### Data listing

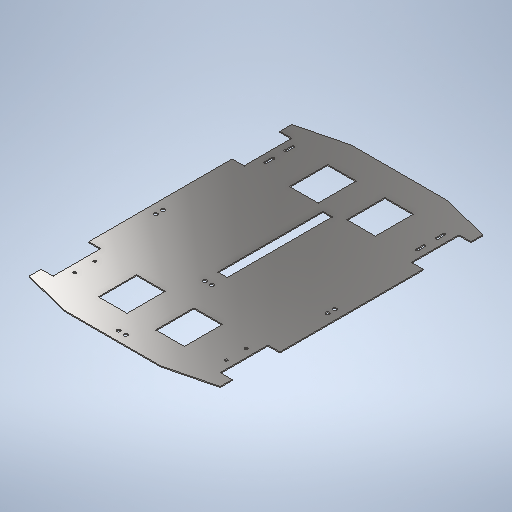
# Autodesk Inventor part: chassis
Saved by Autodesk Inventor 2026.1 (Build 301233020, 233B)
## iProperties
Created: 2026-01-22
Part Number: chassis
Material: Steel, Mild
Document SubType Name: Modeling
Designer: user
Density: 7.85 g/cm^3
Appearance: Semi-Polished
Mass: 3211.32 g
Surface Area: 4154.01 cm^2
Volume: 409.085 cm^3
Author: user
Autodesk Inventor part; units mm, degrees
ref_plane "YZ Plane" through (0, 0, 0) normal (1, 0, 0) x (0, 1, 0)
ref_plane "XZ Plane" through (0, 0, 0) normal (0, 1, 0) x (-1, 0, 0)
sketch "Sketch1" plane through (0, 0, 0) normal (0, 1, 0) x (-1, 0, 0)
  line L0 (-200, 300) -> (200, 300)
  line L1 (200, 300) -> (200, -300)
  line L2 (200, -300) -> (-200, -300)
  line L3 (-200, -300) -> (-200, 300)
  line L4 (-200, 300) -> (200, -300) construction
  line L5 (200, 300) -> (-200, -300) construction
  point P0 (0, 0)
  dimension "d0" = 400
  dimension "d1" = 600
  constraints: 12 end point, 2 midpoint, 2 parallel, 1 horizontal, 1 perpendicular
  measures "d0" distance of L1.end L2.end
  measures "d1" distance of L0.end L1.end
extrude "Extrusion1" add sketch "Sketch1" along normal blind 2
sketch "Sketch2" plane through (0, 2, 0) normal (0, 1, 0) x (1, 0, 0)
  line L0 (200, 300) -> (-200, 300) projected
  line L1 (-200, 300) -> (-200, 275)
  line L2 (-200, 300) -> (-200, -300) projected
  line L3 (-200, 300) -> (-100, 300)
  line L4 (-100, 300) -> (-200, 275)
  line L5 (-200, 275) -> (-200, 250)
  line L6 (-200, 250) -> (-175, 250)
  line L7 (-175, 250) -> (-175, 150)
  line L8 (-175, 150) -> (-200, 150)
  line L9 (-200, 250) -> (-200, 150)
  line L10 (0, 250) -> (0, 74.4907)
  line L11 (-155.9773, 0) -> (157.8952, 0)
  line L12 (-200, 300) -> (200, 300)
  line L13 (200, 300) -> (200, -300)
  line L14 (100, 300) -> (200, 275)
  line L15 (200, 250) -> (175, 250)
  line L16 (175, 250) -> (175, 150)
  line L17 (175, 150) -> (200, 150)
  line L18 (200, -300) -> (-200, -300)
  line L19 (-200, -300) -> (-200, -275)
  line L20 (-200, -300) -> (-100, -300)
  line L21 (-100, -300) -> (-200, -275)
  line L22 (-200, -275) -> (-200, -250)
  line L23 (-200, -250) -> (-175, -250)
  line L24 (-175, -250) -> (-175, -150)
  line L25 (-175, -150) -> (-200, -150)
  line L26 (-200, -250) -> (-200, -150)
  line L27 (175, -250) -> (175, -150)
  line L28 (175, -150) -> (200, -150)
  line L29 (200, -300) -> (200, 300)
  line L30 (200, -250) -> (175, -250)
  line L31 (100, -300) -> (200, -275)
  line L32 (-200, -300) -> (200, -300)
  point P0 (0, 0)
  dimension "d4" = 25
  dimension "d5" = 100
  dimension "d6" = 25
  dimension "d7" = 25
  dimension "d8" = 100
  constraints: 62 end point, 26 symmetric about line, 13 point on line, 3 perpendicular, 1 collinear, 1 horizontal, 1 vertical
  measures "d4" distance of L0.end L1.end
  measures "d5" distance of L0.end L3.end
  measures "d6" distance of L1.end L5.end
  measures "d7" distance of L5.end L6.end
  measures "d8" distance of L6.end L7.end
extrude "Extrusion2" cut sketch "Sketch2" against normal blind 2 contours L13 L14 L0 | L4 L1 L0 | L13 L17 L16 L15 | L6 L7 L8 L2 | L13 L30 L27 L28 | L25 L24 L23 L2 | L13 L18 L31 | L21 L18 L2
sketch "Sketch3" plane through (0, 2, 0) normal (0, 1, 0) x (1, 0, 0)
  line L0 (-175, 250) -> (-200, 250) projected
  line L1 (-175, 250) -> (-175, 200)
  line L2 (-175, 150) -> (-175, 250) projected
  line L3 (175, 250) -> (200, 250) projected
  line L4 (175, 250) -> (175, 200)
  line L5 (175, 250) -> (175, 150) projected
  line L6 (175, 200) -> (-175, 200)
  line L7 (-175, -150) -> (-175, -251.235)
  line L8 (-175, -251.235) -> (-175, -201.235)
  line L9 (-175, -150) -> (-175, -250) projected
  line L10 (-175, -201.235) -> (175, -201.235)
  line L11 (-175, 200) -> (-165, 200)
  line L12 (-165, 200) -> (-165, 227.5)
  line L13 (-165, 227.5) -> (-152, 227.5)
  line L14 (-152, 227.5) -> (-152, 172.5)
  line L15 (-152, 172.5) -> (-165, 172.5)
  line L16 (-165, 172.5) -> (-165, 200)
  line L17 (0, 46.6917) -> (0, -57.1112)
  line L18 (0, 0) -> (63.947, 0)
  line L19 (63.947, 0) -> (-44.9417, 0)
  line L20 (165, 200) -> (165, 227.5)
  line L21 (165, 227.5) -> (152, 227.5)
  line L22 (152, 227.5) -> (152, 172.5)
  line L23 (152, 172.5) -> (165, 172.5)
  line L24 (165, 172.5) -> (165, 200)
  line L25 (-165, -200) -> (-165, -227.5)
  line L26 (-165, -227.5) -> (-152, -227.5)
  line L27 (-152, -227.5) -> (-152, -172.5)
  line L28 (-152, -172.5) -> (-165, -172.5)
  line L29 (-165, -172.5) -> (-165, -200)
  line L30 (152, -227.5) -> (152, -172.5)
  line L31 (152, -172.5) -> (165, -172.5)
  line L32 (165, -172.5) -> (165, -200)
  line L33 (165, -200) -> (165, -227.5)
  line L34 (165, -227.5) -> (152, -227.5)
  line L35 (-165, 227.5) -> (-158.5, 227.5)
  line L36 (-158.5, 227.5) -> (-158.5, 221)
  circle A0 centre (-158.5, 221) radius 2.5
  circle A1 centre (-158.5, 179) radius 2.5
  circle A2 centre (158.5, 221) radius 2.5
  circle A3 centre (158.5, 179) radius 2.5
  circle A4 centre (158.5, -179) radius 2.5
  circle A5 centre (158.5, -221) radius 2.5
  circle A6 centre (-158.5, -179) radius 3
  circle A7 centre (-158.5, -221) radius 3
  dimension "d11" = 50
  dimension "d12" = 50
  dimension "d13" = 50
  dimension "d14" = 10
  dimension "d15" = 27.5
  dimension "d16" = 13
  dimension "d17" = 55
  dimension "d18" = 6.5
  dimension "d19" = 5
  dimension "d110" = 6
  dimension "d111" = 6
  constraints: 64 end point, 20 symmetric about line, 8 centre point, 8 perpendicular, 7 point on line, 3 midpoint, 2 vertical, 1 coincident, 1 horizontal, 5 other
  measures "d11" distance of L0.start L1.end
  measures "d12" distance of L3.start L4.end
  measures "d13" distance of L7.end L8.end
  measures "d14" distance of L1.end L11.end
  measures "d15" distance of L11.end L12.end
  measures "d16" distance of L12.end L13.end
  measures "d17" distance of L13.end L14.end
  measures "d18" distance of L35.end L36.end
  measures "d19" diameter of A0
  measures "d110" diameter of A6
  measures "d111" diameter of A7
extrude "Extrusion3" cut sketch "Sketch3" against normal blind 2 contours A0 | A1 | A2 | A3 | A4 | A5
sketch "Sketch8" plane through (0, 2, 0) normal (0, 1, 0) x (1, 0, 0)
  circle A0 centre (-158.5, 179) radius 2.5 projected
  arc A1 (-161, 179) -> (-156, 179) centre (-158.5, 179) ccw
  line L0 (-161, 179) -> (-161, 194)
  arc A2 (-156, 194) -> (-161, 194) centre (-158.5, 194) ccw
  line L1 (-156, 194) -> (-156, 179)
  line L2 (-175, 150) -> (-175, 250) projected
  line L3 (-175, 250) -> (-175, 200)
  line L4 (-175, 200) -> (-70.1244, 199)
  arc A3 (-161, 221.0527) -> (-156, 221.0527) centre (-158.5, 221.0527) ccw
  line L5 (-161, 221.0527) -> (-161, 236.0527)
  arc A4 (-156, 236.0527) -> (-161, 236.0527) centre (-158.5, 236.0527) ccw
  line L6 (-156, 236.0527) -> (-156, 221.0527)
  line L7 (0, 245.5102) -> (0, 190.0088)
  arc A5 (156, 179) -> (161, 179) centre (158.5, 179) ccw
  line L8 (161, 179) -> (161, 194)
  arc A6 (161, 194) -> (156, 194) centre (158.5, 194) ccw
  line L9 (156, 194) -> (156, 179)
  line L10 (161, 221.0527) -> (161, 236.0527)
  line L11 (156, 236.0527) -> (156, 221.0527)
  arc A7 (161, 236.0527) -> (156, 236.0527) centre (158.5, 236.0527) ccw
  arc A8 (156, 221.0527) -> (161, 221.0527) centre (158.5, 221.0527) ccw
  point P0 (0, 0)
  point P1 (-156, 179)
  dimension "d47" = 15
  dimension "d48" = 50
  dimension "d49" = 15
  constraints: 22 end point, 16 point on circle, 12 symmetric about line, 8 centre point, 7 tangent, 3 vertical, 1 coincident, 1 midpoint, 4 other
  measures "d47" distance of L0.start L0.end
  measures "d48" distance of L2.end L3.end
  measures "d49" distance of L5.start L5.end
extrude "Extrusion7" cut sketch "Sketch8" against normal blind 2
mirror "Mirror2" about plane through (0, 0, 0) normal (1, 0, 0)
ref_plane "Work Plane2" through (-100, 0, 190) normal (0, 0, 1) x (1, 0, 0)
mirror "Mirror4" about plane through (-100, 0, 190) normal (0, 0, 1) of "Mirror2"
sketch "Sketch11" plane through (0, 2, 0) normal (0, 1, 0) x (1, 0, 0)
  line L0 (-200, 150) -> (-200, -150) projected
  line L1 (-200, 0) -> (-200, -30)
  line L2 (-200, -30) -> (-170, -30)
  line L3 (-170, -30) -> (-170, 0)
  line L4 (-170, 0) -> (-170, -15)
  line L5 (-170, -15) -> (-180, -15)
  line L6 (-180, -15) -> (-179, -15)
  line L7 (-180, -15) -> (-180, -14)
  line L8 (-180, -15) -> (-180, -16)
  circle A0 centre (-180, -15) radius 4
  circle A1 centre (-180, -30) radius 4
  line L9 (0, -7.5) -> (0, -36.2272)
  circle A2 centre (180, -15) radius 4
  circle A3 centre (180, -30) radius 4
  point P0 (0, 0)
  dimension "d65" = 30
  dimension "d66" = 30
  dimension "d67" = 10
  dimension "d68" = 1
  dimension "d70" = 1
  dimension "d71" = 1
  dimension "d74" = 8
  dimension "d75" = 8
  dimension "d108" = 15
  constraints: 18 end point, 4 centre point, 3 perpendicular, 3 vertical, 2 midpoint, 2 point on line, 2 symmetric about line, 2 other
  measures "d65" distance of L1.start L1.end
  measures "d66" distance of L1.end L2.end
  measures "d67" distance of L4.end L5.end
  measures "d68" distance of L5.end L6.end
  measures "d70" distance of L5.end L7.end
  measures "d71" distance of L5.end L8.end
  measures "d74" diameter of A0
  measures "d75" diameter of A1
  measures "d108" distance of A1.centre A0.centre
extrude "Extrusion9" cut sketch "Sketch11" against normal blind 2
sketch "Sketch12" plane through (0, 2, 0) normal (0, 1, 0) x (1, 0, 0)
  line L0 (-200, -150) -> (-175, -150) projected
  line L1 (-200, -150) -> (-200, -200)
  line L2 (-200, -200) -> (258.9197, -200)
  line L3 (0, -200) -> (-30, -200)
  line L4 (-30, -200) -> (-30, -150)
  line L5 (-90, -150) -> (-90, -250)
  line L6 (-30, -250) -> (-30, -200)
  line L7 (-90, -240) -> (-30, -240)
  line L8 (-30, -240) -> (-30, -160)
  line L9 (-30, -160) -> (-90, -160)
  line L10 (-90, -160) -> (-90, -240)
  line L11 (-90, -240) -> (-30, -160) construction
  line L12 (-30, -240) -> (-90, -160) construction
  point P0 (0, 0)
  point P1 (-60, -200)
  point P2 (-90, -240)
  point P3 (-30, -240)
  point P4 (-30, -160)
  point P5 (-90, -160)
  dimension "d78" = 50
  dimension "d79" = 30
  dimension "d81" = 60
  dimension "d82" = 100
  dimension "d107" = 80
  constraints: 24 end point, 4 perpendicular, 3 point on line, 2 midpoint, 2 parallel, 1 horizontal, 1 vertical
  measures "d78" distance of L0.start L1.end
  measures "d79" distance of L3.start L3.end
  measures "d81" distance of L4.end L5.start
  measures "d82" distance of L5.start L5.end
  measures "d107" distance of L8.end L7.end
extrude "Extrusion10" cut sketch "Sketch12" against normal blind 10
mirror "Mirror5" about plane through (0, 0, 0) normal (1, 0, 0) of "Extrusion10"
mirror "Mirror6" about plane through (0, 0, 0) normal (0, 0, 1) of "Extrusion10", "Mirror5"
sketch "Sketch13" plane through (0, 2, 0) normal (0, 1, 0) x (1, 0, 0)
  line L0 (-100, -300) -> (100, -300) projected
  line L1 (0, -300) -> (15, -300)
  line L2 (15, -300) -> (15, -270)
  line L3 (15, -270) -> (-15, -270)
  line L4 (-15, -270) -> (-15, -300)
  line L5 (0, -300) -> (-15, -300)
  line L6 (-15, -270) -> (-15, -280)
  line L7 (-15, -280) -> (-7.5, -280)
  line L8 (-7.5, -280) -> (7.5, -280)
  circle A0 centre (-7.5, -280) radius 4
  circle A1 centre (7.5, -280) radius 4
  point P0 (0, 0)
  dimension "d85" = 15
  dimension "d86" = 30
  dimension "d87" = 30
  dimension "d88" = 10
  dimension "d90" = 15
  dimension "d91" = 8
  dimension "d92" = 8
  dimension "d114" = 7.5
  constraints: 16 end point, 4 perpendicular, 4 point on line, 2 centre point, 2 coincident, 1 collinear, 1 midpoint
  measures "d85" distance of L1.start L1.end
  measures "d86" distance of L1.end L2.end
  measures "d87" distance of L2.end L3.end
  measures "d88" distance of L3.end L6.end
  measures "d90" distance of L7.end L8.end
  measures "d91" diameter of A0
  measures "d92" diameter of A1
  measures "d114" distance of L6.end A0.centre
extrude "Extrusion11" cut sketch "Sketch13" against normal blind 10 contours A0 L8 L7 | L7 L8 A0 | A1
sketch "Sketch14" plane through (0, 2, 0) normal (0, 1, 0) x (1, 0, 0)
  circle A0 centre (7.5, -280) radius 4 projected
  line L0 (7.5, -280) -> (7.5, -100)
  circle A1 centre (7.5, -100) radius 4
  line L1 (7.5, -100) -> (-7.5, -100)
  circle A2 centre (-7.5, -100) radius 4
  point P0 (0, 0)
  dimension "d95" = 180
  dimension "d96" = 8
  dimension "d97" = 15
  dimension "d98" = 8
  constraints: 4 end point, 2 centre point, 2 coincident, 1 horizontal, 1 vertical
  measures "d95" distance of L0.start L0.end
  measures "d96" diameter of A1
  measures "d97" distance of L1.start L1.end
  measures "d98" diameter of A2
extrude "Extrusion12" cut sketch "Sketch14" against normal blind 10 contours A1 L1 L0 | L0 L1 A1 | A2
sketch "Sketch15" plane through (0, 2, 0) normal (0, 1, 0) x (1, 0, 0)
  line L0 (-10, -70) -> (10, -70)
  line L1 (10, -70) -> (10, 70)
  line L2 (10, 70) -> (-10, 70)
  line L3 (-10, 70) -> (-10, -70)
  line L4 (-10, -70) -> (10, 70) construction
  line L5 (10, -70) -> (-10, 70) construction
  line L6 (-10, 70) -> (-10, 150)
  line L7 (-10, 150) -> (10, 150)
  line L8 (10, 150) -> (10, 70)
  point P0 (0, 0)
  dimension "d101" = 20
  dimension "d102" = 140
  dimension "d103" = 80
  constraints: 18 end point, 3 perpendicular, 2 midpoint, 2 parallel, 1 horizontal, 1 vertical
  measures "d101" distance of L2.end L1.end
  measures "d102" distance of L1.end L0.end
  measures "d103" distance of L2.end L6.end
extrude "Extrusion13" cut sketch "Sketch15" against normal blind 10
extrude "Extrusion14" cut sketch "Sketch3" against normal blind 10 contours A6 | A7
mirror "Mirror7" about plane through (0, 0, 0) normal (1, 0, 0) of "Extrusion14"
mirror "Mirror8" about plane through (0, 0, 0) normal (0, 0, 1) of "Extrusion14", "Mirror7"
ref_plane "Work Plane1" through (0, 0, 0) normal (1, 0, 0) x (0, 1, 0)
ref_plane "Work Plane3" through (0, 0, 380) normal (-1, 0, 0) x (0, 1, 0)
ref_plane "Work Plane4" through (0, 0, 380) normal (-1, 0, 0) x (0, 1, 0)
body "Solid1"

### Problem requirements
Copy every line above that includes the string "coincident".

### Answer for the task
  constraints: 64 end point, 20 symmetric about line, 8 centre point, 8 perpendicular, 7 point on line, 3 midpoint, 2 vertical, 1 coincident, 1 horizontal, 5 other
  constraints: 22 end point, 16 point on circle, 12 symmetric about line, 8 centre point, 7 tangent, 3 vertical, 1 coincident, 1 midpoint, 4 other
  constraints: 16 end point, 4 perpendicular, 4 point on line, 2 centre point, 2 coincident, 1 collinear, 1 midpoint
  constraints: 4 end point, 2 centre point, 2 coincident, 1 horizontal, 1 vertical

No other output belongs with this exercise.